Top of Data for this task
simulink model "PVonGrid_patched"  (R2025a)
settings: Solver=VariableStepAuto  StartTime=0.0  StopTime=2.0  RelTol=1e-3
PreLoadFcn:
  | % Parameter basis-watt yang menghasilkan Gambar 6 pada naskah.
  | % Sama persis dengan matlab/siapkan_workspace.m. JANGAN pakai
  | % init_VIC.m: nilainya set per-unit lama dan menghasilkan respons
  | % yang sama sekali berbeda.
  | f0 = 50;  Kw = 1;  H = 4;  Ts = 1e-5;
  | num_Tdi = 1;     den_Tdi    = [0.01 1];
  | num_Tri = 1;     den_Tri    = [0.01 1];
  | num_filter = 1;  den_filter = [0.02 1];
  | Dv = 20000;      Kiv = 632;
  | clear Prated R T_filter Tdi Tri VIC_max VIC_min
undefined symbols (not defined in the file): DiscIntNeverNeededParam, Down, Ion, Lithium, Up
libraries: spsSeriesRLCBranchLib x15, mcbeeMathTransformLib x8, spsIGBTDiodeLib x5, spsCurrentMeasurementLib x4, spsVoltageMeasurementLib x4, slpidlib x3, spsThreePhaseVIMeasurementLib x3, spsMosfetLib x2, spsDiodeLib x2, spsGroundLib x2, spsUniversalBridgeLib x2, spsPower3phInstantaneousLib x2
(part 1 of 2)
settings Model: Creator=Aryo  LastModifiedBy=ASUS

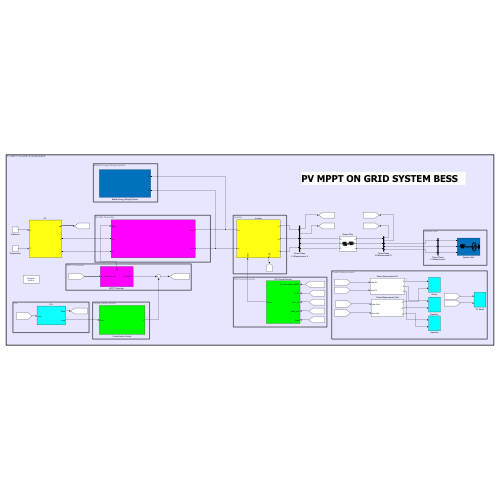
[thumbnail: Simulink's stored preview of the top-level diagram]
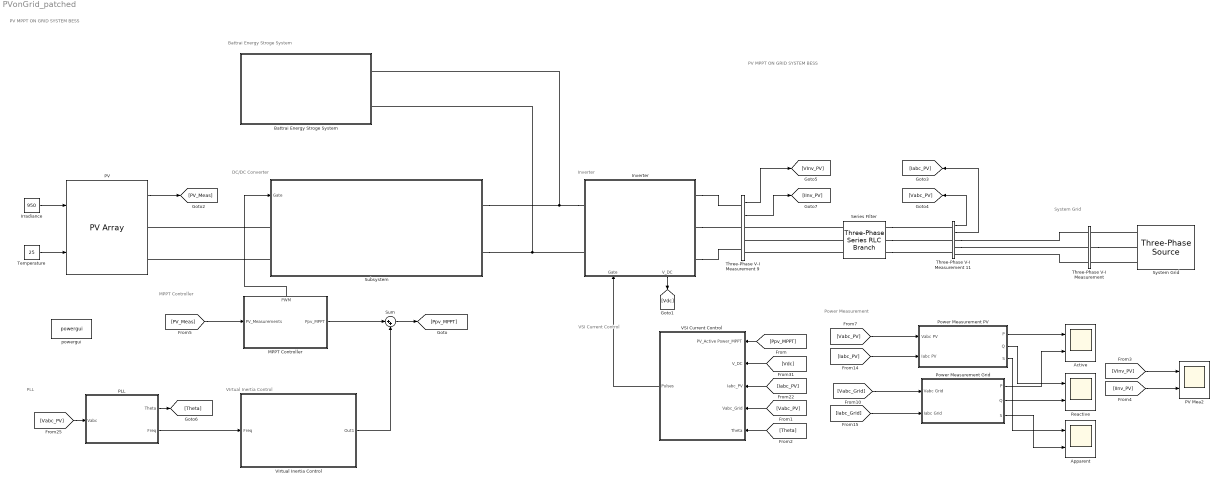
== system PVonGrid_patched ==
  note: PV MPPT ON GRID SYSTEM BESS
  note: PV MPPT ON GRID SYSTEM BESS
  note: VSI Current Control
  note: PLL
  note: Inverter
  note: Power Measurement
  note: MPPT Controller
  note: DC/DC Converter
  note: VIrtual Inertia Control
  note: Battrai Energy Stroge System
  note: System Grid
  "Active " : Scope  NumInputPorts=2
      settings: ActiveDisplayYMinimum=-60306.25275  ActiveDisplayYMaximum=6695.82422  DataLoggingVariableName=ScopeData8
  Apparent : Scope  NumInputPorts=2
      settings: ActiveDisplayYMinimum=-6789.47164  ActiveDisplayYMaximum=61149.07953  DataLoggingVariableName=ScopeData2
  Battrai Energy Stroge System : Subsystem
  Inverter : Subsystem
      settings: PortSchema="{\"entries\":[{\"content\":{\"sides\":[{\"content\":{\"connectorIds\":[\"LConn1\",\"LConn2\"]},\"type\":\"ConnectorPlacement.EquallySpacedRectSide\",\"uuid\":\"8d032cf4-7652-4960-826c-254f99f7bea5\"},{\"content\":{\"connectorIds\":[\"RConn1\",\"RConn2\",\"RConn3\"],\"side\":\"RIGHT\"},\"type\":\"ConnectorPlacement.EquallySpacedRectSide\",\"uuid\":\"6237d52f-d9ad-4fa0-b895-4b87ccfefd8d\"},{\"content\":{\"side\":\"TOP\"},\"type\":\"ConnectorPlacement.EquallySpacedRectSide\",\"uuid\":\"9697b938-6aa4-467c-bc3c-4144909828be\"},{\"content\":{\"connectorIds\":[\"In1\",\"Out1\"],\"side\":\"BOTTOM\"},\"type\":\"ConnectorPlacement.EquallySpacedRectSide\",\"uuid\":\"151792d3-0b7b-426c-bbcc-91f0e747f4d6\"}]},\"type\":\"ConnectorPlacement.EquallySpacedConnector\",\"uuid\":\"8854265a-e38a-4272-8fdc-bb8cf1e7f552\"}],\"packageUris\":[\"http://schema.mathworks.com/mf0/Connector/R2020b\"],\"version\":\"1.0\"}"
  "Irradiance " : Constant  Value=950
  MPPT Controller : Subsystem
      settings: PortSchema="{\"entries\":[{\"content\":{\"sides\":[{\"content\":{\"connectorIds\":[\"In1\"]},\"type\":\"ConnectorPlacement.EquallySpacedRectSide\",\"uuid\":\"beb56f4d-244a-4861-aa2c-056548243ef9\"},{\"content\":{\"connectorIds\":[\"Out1\"],\"side\":\"RIGHT\"},\"type\":\"ConnectorPlacement.EquallySpacedRectSide\",\"uuid\":\"efb26265-76c3-4ef7-8964-6d49d0ce5848\"},{\"content\":{\"connectorIds\":[\"Out2\"],\"side\":\"TOP\"},\"type\":\"ConnectorPlacement.EquallySpacedRectSide\",\"uuid\":\"f52004c3-ad48-43ff-bda9-03bf57742bdf\"}]},\"type\":\"ConnectorPlacement.EquallySpacedConnector\",\"uuid\":\"0b23e1d0-3529-41b8-bd5c-87ef798e8ebf\"}],\"packageUris\":[\"http://schema.mathworks.com/mf0/Connector/R2020b\"],\"version\":\"1.0\"}"
  PLL : Subsystem
  "PV " : spsPVArrayLib/PV Array  Npar=18  Nser=20  PlotType=array @ 1000 W/m2 & specified temperatures  S_vec="[ 1000  500  100 ]"  Temp_C_vec=[ 0 15 25 35 50]  ModuleName=User-defined  PlotWhenSelected=off  Pm=349.972  Ncell=96  Voc=51.7  Isc=8.65  Vm=43.1  Im=8.12  beta_Voc_pc=-0.37  alpha_Isc_pc=0.07  beta_Voc=-0.19129  alpha_Isc=0.006055  IL=8.6554  I0=4.1764e-10  nI=0.88295  Rsh=412.0293  Rs=0.25518  RobustModel=off  RobustCellTemperature=313.3991  BAL=on  Tc=1e-6  Tfilter=5e-5
  PV Mea2 : Scope  NumInputPorts=2
      settings: ActiveDisplayYMinimum=-434.46354  ActiveDisplayYMaximum=444.89351  DataLoggingVariableName=ScopeData15
  Power Measurement Grid : Subsystem
  Power Measurement PV : Subsystem
  "Reactive " : Scope  NumInputPorts=2
      settings: ActiveDisplayYMinimum=-15111.35327  ActiveDisplayYMaximum=19095.7131
  Series FIlter : spsThreePhaseSeriesRLCBranchLib/Three-Phase Series RLC Branch  LConnTagsString=A|B|C  RConnTagsString=A|B|C  BranchType=RL  Resistance=2.119394542  Inductance=10.59697271e-3  Capacitance=1e-6  Measurements=None
  Subsystem : Subsystem
  Sum : Sum  Inputs=|++
  System Grid : spsThreePhaseSourceLib/Three-Phase Source  InternalConnection=Yg  VoltagePhases=on  Voltage=380  PhaseAngle=0  Voltage_phases=[380 380 380]/sqrt(3)  PhaseAngles_phases=[0 -120 +120]  Frequency=50  NonIdealSource=on  SpecifyImpedance=off  Resistance=0  Inductance=6.56e-3  ShortCircuitLevel=100e6  BaseVoltage=380  XRratio=7  BusType=swing  Pref=1e6  Qref=0  Prefabc=[10e3, 10e3, 10e3]  Qrefabc=[0, 0, 0]  Qmin=-inf  Qmax=inf
  "Temperature " : Constant  Value=25
  "Three-Phase V-I Measurement " : spsThreePhaseVIMeasurementLib/Three-Phase V-I Measurement  VoltageMeasurement=phase-to-ground  SetLabelV=on  LabelV=Vabc_Grid  Vpu=off  VpuLL=off  CurrentMeasurement=yes  SetLabelI=on  LabelI=Iabc_Grid  Ipu=off  Pbase=100e6  Vbase=500e3  OutputType=Complex  PhasorSimulation=off  PSBequivalent=0
  Three-Phase V-I Measurement 11 : spsThreePhaseVIMeasurementLib/Three-Phase V-I Measurement  VoltageMeasurement=phase-to-ground  SetLabelV=off  LabelV=Vabc_PV  Vpu=off  VpuLL=off  CurrentMeasurement=yes  SetLabelI=off  LabelI=Iabc_PV  Ipu=off  Pbase=100e6  Vbase=500e3  OutputType=Complex  PhasorSimulation=off  PSBequivalent=0
  Three-Phase V-I Measurement 9 : spsThreePhaseVIMeasurementLib/Three-Phase V-I Measurement  VoltageMeasurement=phase-to-ground  SetLabelV=off  LabelV=VInv_PV  Vpu=off  VpuLL=off  CurrentMeasurement=yes  SetLabelI=off  LabelI=IInv_PV  Ipu=off  Pbase=100e6  Vbase=500e3  OutputType=Complex  PhasorSimulation=off  PSBequivalent=0
  VIrtual Inertia Control : Subsystem
  "VSI Current Control " : Subsystem
  powergui : sps_lib/powergui  Priority=1  SimulationMode=Discrete  SampleTime=1e-6  frequency=60  Iterations=50  frequencyindice=50  Pbase=100e6  ErrMax=1e-4  UnitsV=kV  UnitsW=MW  buscounter=0  FunctionMessages=off  echomessages=off  EnableUseOfTLC=off  CurrentSourceSwitches=off  DisableSnubberDevices=off  DisableRonSwitches=off  DisableVfSwitches=off  DisplayEquations=off  AutomaticDiscreteSolvers=off  SolverType=Tustin/Backward Euler (TBE)  Interpol=off  ExternalGateDelay=off  methode=off  Ts=100  x0status=blocks  SPID=on  SwTol=0  HookPort=off  NonlinearTolerance=1e-4  nMaxIteration=100  ContinueOnMaxIteration=off  RestoreLinks=warning  ResistiveCurrentMeasurement=off  Frange=[0:2:500]  Ylog=off  Xlog=on  ShowGrid=off  save=off  variable=ZData  structure=0  ZoomFFT=off  StartTime=0.0  cycles=1  DisplayStyle=1  fundamental=60  FreqAxis=off  MaxFrequency=1000  frequencyindicesteady=1  RmsSteady=1  display=off
  wires:
  Power Measurement Grid/1(P) -> "Active "/2
  Power Measurement Grid/3(S) -> Apparent/2
  Power Measurement Grid/2(Q) -> "Reactive "/2
  [Vabc_PV] -> Power Measurement PV/1(Vabc PV)
  [Vabc_PV] -> PLL/1(Vabc)
  [Theta] -> "VSI Current Control "/5(Theta)
  [Iabc_PV] -> "VSI Current Control "/3(Iabc_PV)
  [Iabc_PV] -> Power Measurement PV/2(Iabc PV)
  [Ppv_MPPT] -> "VSI Current Control "/1(PV_Active Power_MPPT)
  Sum/1 -> [Ppv_MPPT]
  [Vdc] -> "VSI Current Control "/2(V_DC)
  [Vabc_PV] -> "VSI Current Control "/4(Vabc_Grid)
  MPPT Controller/1(Ppv_MPPT) -> Sum/1
  VIrtual Inertia Control/1(Out1) -> Sum/2
  PLL/1(Theta) -> [Theta]
  Three-Phase V-I Measurement 11/1 -> [Vabc_PV]
  [Vabc_Grid] -> Power Measurement Grid/1(Vabc Grid)
  Inverter/1(V_DC) -> [Vdc]
  Three-Phase V-I Measurement 11/2 -> [Iabc_PV]
  Three-Phase V-I Measurement 9/2 -> [IInv_PV]
  "Irradiance "/1 -> "PV "/1
  PLL/2(Freq) -> VIrtual Inertia Control/1(Freq)
  [Iabc_Grid] -> Power Measurement Grid/2(Iabc Grid)
  "PV "/1 -> [PV_Meas]
  Three-Phase V-I Measurement 9/1 -> [VInv_PV]
  "Temperature "/1 -> "PV "/2
  Power Measurement PV/2(Q) -> "Reactive "/1
  Power Measurement PV/3(S) -> Apparent/1
  "VSI Current Control "/1(Pulses) -> Inverter/1(Gate)
  [PV_Meas] -> MPPT Controller/1(PV_Measurements)
  Power Measurement PV/1(P) -> "Active "/1
  [VInv_PV] -> PV Mea2/1
  [IInv_PV] -> PV Mea2/2
  MPPT Controller/2(PWM) -> Subsystem/1(Gate)
  connections:
  Subsystem/RConn2 -- Battrai Energy Stroge System/RConn2 -- Inverter/LConn2
  Inverter/LConn1 -- Subsystem/RConn1 -- Battrai Energy Stroge System/RConn1
  Series FIlter/RConn2 -- Three-Phase V-I Measurement 11/LConn2
  Inverter/RConn2 -- Three-Phase V-I Measurement 9/LConn2
  Inverter/RConn1 -- Three-Phase V-I Measurement 9/LConn1
  Series FIlter/RConn3 -- Three-Phase V-I Measurement 11/LConn3
  Series FIlter/LConn1 -- Three-Phase V-I Measurement 9/RConn1
  Series FIlter/LConn2 -- Three-Phase V-I Measurement 9/RConn2
  Series FIlter/LConn3 -- Three-Phase V-I Measurement 9/RConn3
  "Three-Phase V-I Measurement "/LConn3 -- Three-Phase V-I Measurement 11/RConn3
  Inverter/RConn3 -- Three-Phase V-I Measurement 9/LConn3
  Three-Phase V-I Measurement 11/RConn1 -- "Three-Phase V-I Measurement "/LConn1
  Three-Phase V-I Measurement 11/RConn2 -- "Three-Phase V-I Measurement "/LConn2
  System Grid/RConn3 -- "Three-Phase V-I Measurement "/RConn3
  Series FIlter/RConn1 -- Three-Phase V-I Measurement 11/LConn1
  "Three-Phase V-I Measurement "/RConn2 -- System Grid/RConn2
  System Grid/RConn1 -- "Three-Phase V-I Measurement "/RConn1
  Subsystem/LConn1 -- "PV "/RConn1
  Subsystem/LConn2 -- "PV "/RConn2

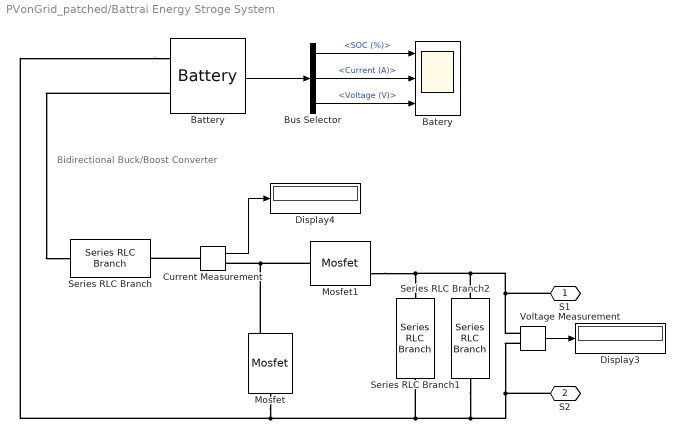
== system PVonGrid_patched/Battrai Energy Stroge System ==
  note: Bidirectional Buck/Boost Converter
  Batery : Scope  NumInputPorts=3
      settings: ActiveDisplayYMinimum=99.98642  ActiveDisplayYMaximum=100.00151  DataLoggingVariableName=ScopeData12
  Battery : spsBatteryLib/Battery  BatType=Lithium-Ion  NomV=400  NomQ=150  SOC=100  Batt_Tr=30  PresetModel=on  MaxQ=150  MinV=300  FullV=465.5949  Dis_rate=65.2174  R=0.026667  Normal_OP=135.6522  expZone="[432.1543      7.369565]"
  Bus Selector : BusSelector  OutputSignals=SOC (%),Current (A),Voltage (V)
  Current Measurement : spsCurrentMeasurementLib/Current Measurement  PhasorSimulation=off  OutputType=Complex  PSBequivalent=0
  Display3 : Display
  Display4 : Display
  Mosfet : spsMosfetLib/Mosfet  Ron=0.1  Lon=0  Rd=0.01  Vfd=0  IC=0  Rs=1e5  Cs=inf  Measurements=off
  Mosfet1 : spsMosfetLib/Mosfet  Ron=0.1  Lon=0  Rd=0.01  Vfd=0  IC=0  Rs=1e5  Cs=inf  Measurements=off
  Series RLC Branch : spsSeriesRLCBranchLib/Series RLC Branch  LConnTagsString=__new0  RConnTagsString=__new0  BranchType=L  Resistance=1  Inductance=1e-3  SetiL0=off  InitialCurrent=0  Capacitance=1e-6  Setx0=off  InitialVoltage=0  Measurements=None
  Series RLC Branch1 : spsSeriesRLCBranchLib/Series RLC Branch  LConnTagsString=__new0  RConnTagsString=__new0  BranchType=RC  Resistance=1  Inductance=1e-3  SetiL0=off  InitialCurrent=0  Capacitance=1e-6  Setx0=off  InitialVoltage=0  Measurements=None
  Series RLC Branch2 : spsSeriesRLCBranchLib/Series RLC Branch  LConnTagsString=__new0  RConnTagsString=__new0  BranchType=R  Resistance=1  Inductance=1e-3  SetiL0=off  InitialCurrent=0  Capacitance=1e-6  Setx0=off  InitialVoltage=0  Measurements=None
  Voltage Measurement : spsVoltageMeasurementLib/Voltage Measurement  PhasorSimulation=off  OutputType=Complex  PSBequivalent=0
  S1 : PMIOPort  Side=Right
  S2 : PMIOPort  Port=2  Side=Right
  wires:
  Battery/1 -> Bus Selector/1
  Voltage Measurement/1 -> Display3/1
  Current Measurement/1 -> Display4/1
  Bus Selector/3 -> Batery/3  "<Voltage (V)>"
  Bus Selector/1 -> Batery/1  "<SOC (%)>"
  Bus Selector/2 -> Batery/2  "<Current (A)>"
  connections:
  Current Measurement/RConn1 -- Mosfet/LConn1 -- Mosfet1/RConn1
  Battery/LConn2 -- Mosfet/RConn1 -- Series RLC Branch1/RConn1 -- Voltage Measurement/LConn2 -- S2/RConn1 -- Series RLC Branch2/RConn1
  S1/RConn1 -- Series RLC Branch2/LConn1 -- Series RLC Branch1/LConn1 -- Mosfet1/LConn1 -- Voltage Measurement/LConn1
  Battery/LConn1 -- Series RLC Branch/LConn1
  Current Measurement/LConn1 -- Series RLC Branch/RConn1

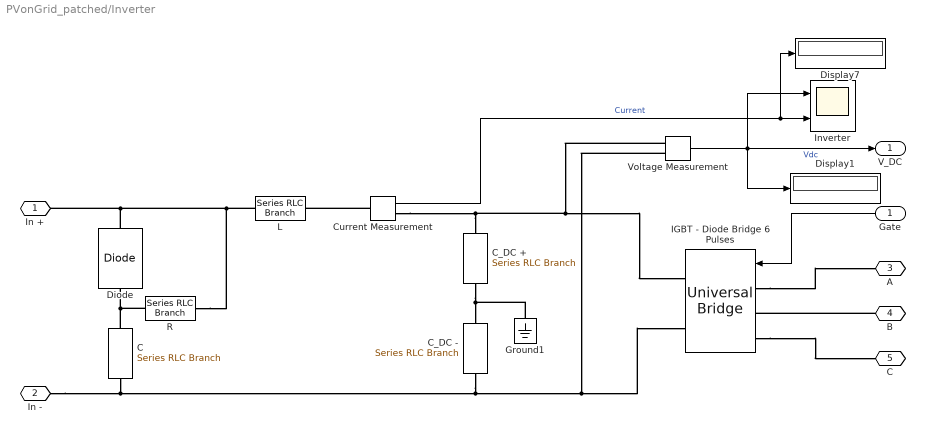
== system PVonGrid_patched/Inverter ==
  Gate : Inport
  "C " : spsSeriesRLCBranchLib/Series RLC Branch  LConnTagsString=__new0  RConnTagsString=__new0  BranchType=RC  Resistance=3e-3  Inductance=1e-3  SetiL0=off  InitialCurrent=0  Capacitance=200e-6  Setx0=off  InitialVoltage=0  Measurements=None
  C_DC + : spsSeriesRLCBranchLib/Series RLC Branch  LConnTagsString=__new0  RConnTagsString=__new0  BranchType=RC  Resistance=1e-3  Inductance=1e-3  SetiL0=off  InitialCurrent=0  Capacitance=1500e-6  Setx0=off  InitialVoltage=0  Measurements=None
  C_DC - : spsSeriesRLCBranchLib/Series RLC Branch  LConnTagsString=__new0  RConnTagsString=__new0  BranchType=RC  Resistance=1e-3  Inductance=1e-3  SetiL0=off  InitialCurrent=0  Capacitance=1500e-6  Setx0=off  InitialVoltage=0  Measurements=None
  "Current Measurement " : spsCurrentMeasurementLib/Current Measurement  PhasorSimulation=off  OutputType=Complex  PSBequivalent=0
  "Diode " : spsDiodeLib/Diode  Ron=0.001  Lon=0  Vf=1.5  IC=0  UseSnubber=0  Rs=500  Cs=250e-9  Measurements=off
  Display1 : Display
  Display7 : Display
  Ground1 : spsGroundLib/Ground  LConnTagsString=a
  IGBT - Diode Bridge 6 Pulses : spsUniversalBridgeLib/Universal Bridge  Arms=3  SnubberResistance=1e5  SnubberCapacitance=inf  Device=IGBT / Diodes  Ron=2.5e-3  Lon=0  ForwardVoltages="[  2.2  1.5  ]"  ForwardVoltage=0  GTOparameters=[ 10e-6 , 20e-6 ]  IGBTparameters=[ 1e-6 , 2e-6 ]  Measurements=None  Measurements_2=None  converterType=Rectifier
  Inverter : Scope  NumInputPorts=2
      settings: ActiveDisplayYMinimum=-86.61598  ActiveDisplayYMaximum=779.54311  DataLoggingVariableName=ScopeData11
  L : spsSeriesRLCBranchLib/Series RLC Branch  LConnTagsString=__new0  RConnTagsString=__new0  BranchType=RL  Resistance=5  Inductance=25e-3  SetiL0=off  InitialCurrent=0  Capacitance=5000e-6  Setx0=off  InitialVoltage=0  Measurements=None
  R : spsSeriesRLCBranchLib/Series RLC Branch  LConnTagsString=__new0  RConnTagsString=__new0  BranchType=R  Resistance=2  Inductance=5e-3  SetiL0=off  InitialCurrent=0  Capacitance=5000e-6  Setx0=off  InitialVoltage=0  Measurements=None
  "Voltage Measurement " : spsVoltageMeasurementLib/Voltage Measurement  PhasorSimulation=off  OutputType=Complex  PSBequivalent=0
  In + : PMIOPort  Side=Left
  In - : PMIOPort  Port=2  Side=Left
  A : PMIOPort  Port=3  Side=Right
  B : PMIOPort  Port=4  Side=Right
  C : PMIOPort  Port=5  Side=Right
  V_DC : Outport
  wires:
  Gate/1 -> IGBT - Diode Bridge 6 Pulses/1
  "Current Measurement "/1 -> Display7/1, Inverter/2  "Current"
  "Voltage Measurement "/1 -> Display1/1, Inverter/1, V_DC/1  "Vdc"
  connections:
  C_DC +/RConn1 -- Ground1/LConn1 -- C_DC -/LConn1
  L/LConn1 -- R/RConn1 -- "Diode "/LConn1 -- In +/RConn1
  C_DC +/LConn1 -- "Current Measurement "/RConn1 -- IGBT - Diode Bridge 6 Pulses/RConn1 -- "Voltage Measurement "/LConn1
  IGBT - Diode Bridge 6 Pulses/LConn1 -- A/RConn1
  IGBT - Diode Bridge 6 Pulses/LConn3 -- C/RConn1
  In -/RConn1 -- "C "/RConn1 -- C_DC -/RConn1 -- IGBT - Diode Bridge 6 Pulses/RConn2 -- "Voltage Measurement "/LConn2
  B/RConn1 -- IGBT - Diode Bridge 6 Pulses/LConn2
  "Current Measurement "/LConn1 -- L/RConn1
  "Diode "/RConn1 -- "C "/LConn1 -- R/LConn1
Bottom of Data for this task
* [Exercise instructions]:
Copy out exactly the lines above beginning with the line that contains "undefined symbols (not" and finishing with the line that contains "Inverter : Subsystem", including both; leave the pictures out.

* [Output]:
undefined symbols (not defined in the file): DiscIntNeverNeededParam, Down, Ion, Lithium, Up
libraries: spsSeriesRLCBranchLib x15, mcbeeMathTransformLib x8, spsIGBTDiodeLib x5, spsCurrentMeasurementLib x4, spsVoltageMeasurementLib x4, slpidlib x3, spsThreePhaseVIMeasurementLib x3, spsMosfetLib x2, spsDiodeLib x2, spsGroundLib x2, spsUniversalBridgeLib x2, spsPower3phInstantaneousLib x2
(part 1 of 2)
settings Model: Creator=Aryo  LastModifiedBy=ASUS

[thumbnail: Simulink's stored preview of the top-level diagram]
== system PVonGrid_patched ==
  note: PV MPPT ON GRID SYSTEM BESS
  note: PV MPPT ON GRID SYSTEM BESS
  note: VSI Current Control
  note: PLL
  note: Inverter
  note: Power Measurement
  note: MPPT Controller
  note: DC/DC Converter
  note: VIrtual Inertia Control
  note: Battrai Energy Stroge System
  note: System Grid
  "Active " : Scope  NumInputPorts=2
      settings: ActiveDisplayYMinimum=-60306.25275  ActiveDisplayYMaximum=6695.82422  DataLoggingVariableName=ScopeData8
  Apparent : Scope  NumInputPorts=2
      settings: ActiveDisplayYMinimum=-6789.47164  ActiveDisplayYMaximum=61149.07953  DataLoggingVariableName=ScopeData2
  Battrai Energy Stroge System : Subsystem
  Inverter : Subsystem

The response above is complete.